6. Recognition of FDA Processes

Background. FDASIA required the FDA, in consultation with the ONC and FCC, to develop a proposed strategy and recommendations on an appropriate, risk-based regulatory framework pertaining to HIT, including mobile medical apps. The FDASIA Health IT Report was delivered in April 2014. In it, the FDA recommended a single process for HIT developers/manufacturers to follow to satisfy the requirements of all agencies, and to leverage existing processes, systems and standards for patient safety in health IT. The voluntary Software Precertification (Pre-Cert) Pilot Program is implementing these recommendations.

The FDA Precert Program is notable for its orientation away from premarket reviews of specific products, in favor of a streamlined approval for mobile medical apps developed by organizations that receive organization-level certification based upon demonstrated commitments to a culture of quality, patient safety and organizational excellence.

a. FDA Software Pre-Certification Pilot Program.

ONC proposes that health IT developers holding a precertification under the FDA Pre-Cert Program could qualify for, and benefit from, certain efficiencies under the Program. For example, HIT developers holding a precertification under the FDA Software Pre-Cert Program could be exempt from testing and certification of its HIT to the 2015 Edition:

The ONC requests comments, as it believes some stakeholders might not agree that "recognition" of the FDA PreCert Program is the right approach.

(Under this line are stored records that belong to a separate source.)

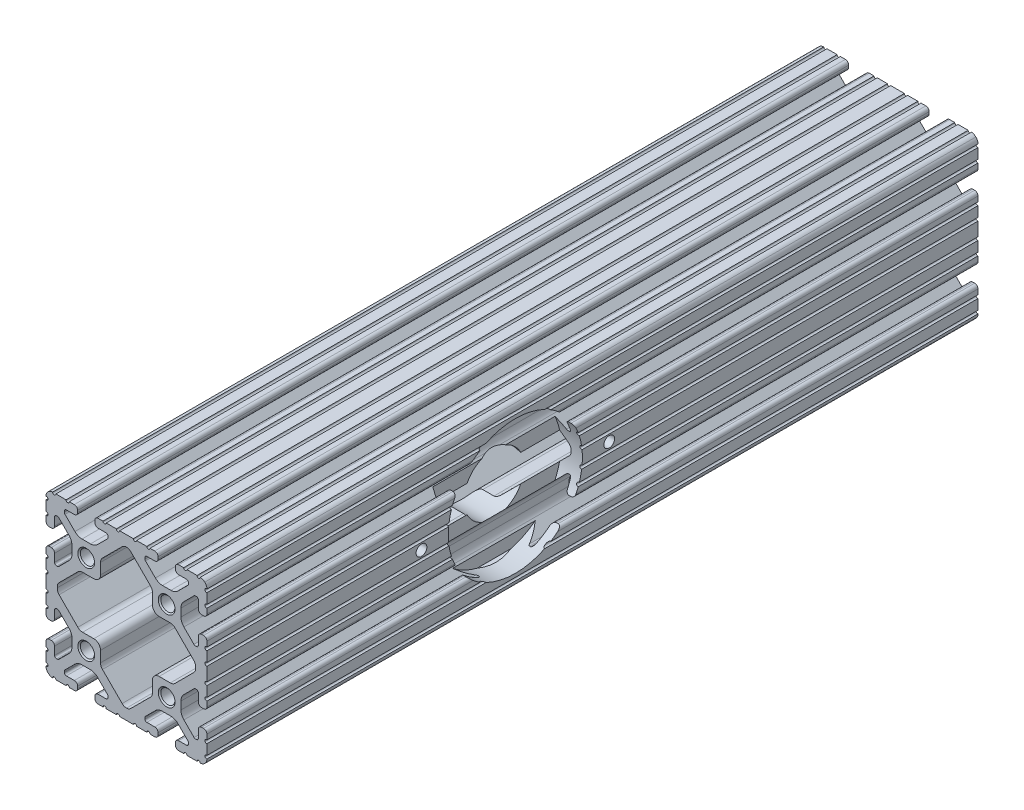
SolidWorks part; units mm, degrees
material "6061-T6 (SS)"
ref_plane "Front Plane" through (0, 0, 0) normal (0, 0, 1) x (1, 0, 0)
ref_plane "Top Plane" through (0, 0, 0) normal (0, 1, 0) x (1, 0, 0)
ref_plane "Right Plane" through (0, 0, 0) normal (1, 0, 0) x (0, 0, -1)
ref_plane "Plane1" through (0, 0, -254) normal (0, 0, -1) x (-1, 0, 0)
sketch "Sketch1" plane through (0, 0, -254) normal (0, 0, -1) x (-1, 0, 0)
  line L0 (31.9021, -2.4756) -> (23.0141, -11.3637)
  line L1 (20.769, -12.2936) -> (15.4686, -12.2936)
  line L2 (12.2936, -15.4686) -> (12.2936, -20.5983)
  line L3 (11.3637, -22.8433) -> (2.0515, -32.1555)
  line L4 (-2.0515, -32.1555) -> (-11.3637, -22.8433)
  line L5 (-12.2936, -20.5983) -> (-12.2936, -15.4686)
  line L6 (-15.4686, -12.2936) -> (-20.769, -12.2936)
  line L7 (-23.0141, -11.3637) -> (-31.9021, -2.4756)
  line L8 (-31.9021, 2.4756) -> (-23.0141, 11.3637)
  line L9 (-20.769, 12.2936) -> (-15.4686, 12.2936)
  line L10 (-12.2936, 15.4686) -> (-12.2936, 20.5983)
  line L11 (-11.3637, 22.8433) -> (-2.0515, 32.1555)
  line L12 (2.0515, 32.1555) -> (11.3637, 22.8433)
  line L13 (12.2936, 20.5983) -> (12.2936, 15.4686)
  line L14 (15.4686, 12.2936) -> (20.769, 12.2936)
  line L15 (23.0141, 11.3637) -> (31.9021, 2.4756)
  line L16 (36.5252, -23.0554) -> (35.6108, -23.0554)
  line L17 (34.036, -24.6302) -> (34.036, -28.448)
  line L18 (33.147, -29.337) -> (32.6643, -29.337)
  line L19 (32.0357, -29.0766) -> (27.1976, -24.2385)
  line L20 (25.8064, -20.8799) -> (25.8064, -17.2201)
  line L21 (27.1976, -13.8615) -> (31.9489, -9.1101)
  line L22 (32.7869, -8.763) -> (33.0603, -8.763)
  line L23 (34.036, -9.7387) -> (34.036, -13.4698)
  line L24 (35.6108, -15.0446) -> (36.5252, -15.0446)
  line L25 (38.1, -13.4698) -> (38.1, -11.075)
  line L26 (38.1, -9.552) -> (38.1, -4.7238)
  line L27 (38.1, -3.2007) -> (38.1, 3.2007)
  line L28 (38.1, 4.7238) -> (38.1, 9.552)
  line L29 (38.1, 11.075) -> (38.1, 13.4698)
  line L30 (36.5252, 15.0446) -> (35.6108, 15.0446)
  line L31 (34.036, 13.4698) -> (34.036, 9.7387)
  line L32 (33.0603, 8.763) -> (32.7869, 8.763)
  line L33 (31.9489, 9.1101) -> (27.1976, 13.8615)
  line L34 (25.8064, 17.2201) -> (25.8064, 20.8799)
  line L35 (27.1976, 24.2385) -> (32.0357, 29.0766)
  line L36 (32.6643, 29.337) -> (33.147, 29.337)
  line L37 (34.036, 28.448) -> (34.036, 24.6302)
  line L38 (35.6108, 23.0554) -> (36.5252, 23.0554)
  line L39 (38.1, 24.6302) -> (38.1, 27.0238)
  line L40 (38.1, 28.5453) -> (38.1, 33.373)
  line L41 (33.4288, 38.1) -> (28.6011, 38.1)
  line L42 (27.0772, 38.1) -> (24.6888, 38.1)
  line L43 (23.114, 36.5252) -> (23.114, 35.6108)
  line L44 (24.6888, 34.036) -> (28.448, 34.036)
  line L45 (29.337, 33.147) -> (29.337, 32.7207)
  line L46 (29.1002, 31.8885) -> (24.4093, 27.1976)
  line L47 (21.0507, 25.8064) -> (17.0493, 25.8064)
  line L48 (13.6907, 27.1976) -> (9.0234, 31.8649)
  line L49 (8.763, 32.4935) -> (8.763, 33.147)
  line L50 (9.652, 34.036) -> (13.4112, 34.036)
  line L51 (14.986, 35.6108) -> (14.986, 36.5252)
  line L52 (13.4112, 38.1) -> (11.1289, 38.1)
  line L53 (9.6053, 38.1) -> (4.7773, 38.1)
  line L54 (3.2537, 38.1) -> (-3.2537, 38.1)
  line L55 (-4.7773, 38.1) -> (-9.6053, 38.1)
  line L56 (-11.1289, 38.1) -> (-13.4112, 38.1)
  line L57 (-14.986, 36.5252) -> (-14.986, 35.6108)
  line L58 (-13.4112, 34.036) -> (-9.652, 34.036)
  line L59 (-8.763, 33.147) -> (-8.763, 32.4935)
  line L60 (-9.0234, 31.8649) -> (-13.6907, 27.1976)
  line L61 (-17.0493, 25.8064) -> (-21.0507, 25.8064)
  line L62 (-24.4093, 27.1976) -> (-29.1002, 31.8885)
  line L63 (-29.337, 32.7207) -> (-29.337, 33.147)
  line L64 (-28.448, 34.036) -> (-24.6888, 34.036)
  line L65 (-23.114, 35.6108) -> (-23.114, 36.5252)
  line L66 (-24.6888, 38.1) -> (-27.0772, 38.1)
  line L67 (-28.6011, 38.1) -> (-33.4288, 38.1)
  line L68 (-38.1, 33.373) -> (-38.1, 28.5453)
  line L69 (-38.1, 27.0238) -> (-38.1, 24.6302)
  line L70 (-36.5252, 23.0554) -> (-35.6108, 23.0554)
  line L71 (-34.036, 24.6302) -> (-34.036, 28.448)
  line L72 (-33.147, 29.337) -> (-32.6643, 29.337)
  line L73 (-32.0357, 29.0766) -> (-27.1976, 24.2385)
  line L74 (-25.8064, 20.8799) -> (-25.8064, 17.2201)
  line L75 (-27.1976, 13.8615) -> (-31.9489, 9.1101)
  line L76 (-32.7869, 8.763) -> (-33.0603, 8.763)
  line L77 (-34.036, 9.7387) -> (-34.036, 13.4698)
  line L78 (-35.6108, 15.0446) -> (-36.5252, 15.0446)
  line L79 (-38.1, 13.4698) -> (-38.1, 11.075)
  line L80 (-38.1, 9.552) -> (-38.1, 4.7238)
  line L81 (-38.1, 3.2007) -> (-38.1, -3.2007)
  line L82 (-38.1, -4.7238) -> (-38.1, -9.552)
  line L83 (-38.1, -11.075) -> (-38.1, -13.4698)
  line L84 (-36.5252, -15.0446) -> (-35.6108, -15.0446)
  line L85 (-34.036, -13.4698) -> (-34.036, -9.7387)
  line L86 (-33.0603, -8.763) -> (-32.7869, -8.763)
  line L87 (-31.9489, -9.1101) -> (-27.1976, -13.8615)
  line L88 (-25.8064, -17.2201) -> (-25.8064, -20.8799)
  line L89 (-27.1976, -24.2385) -> (-32.0357, -29.0766)
  line L90 (-32.6643, -29.337) -> (-33.147, -29.337)
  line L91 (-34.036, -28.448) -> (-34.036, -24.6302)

b. Development of Similar Independent Prtogram Processes - RFI

Influenced by the FDA PreCert framework, the ONC invites comment on whether it should develop similar processes to those established for the FDA Precertification Program, by providing a pathway for some HIT developers who can meet demonstrated capabilities of excellence to have their products and services precertified, as an alternative to the current Program, which focuses on specific HIT being presented for certification.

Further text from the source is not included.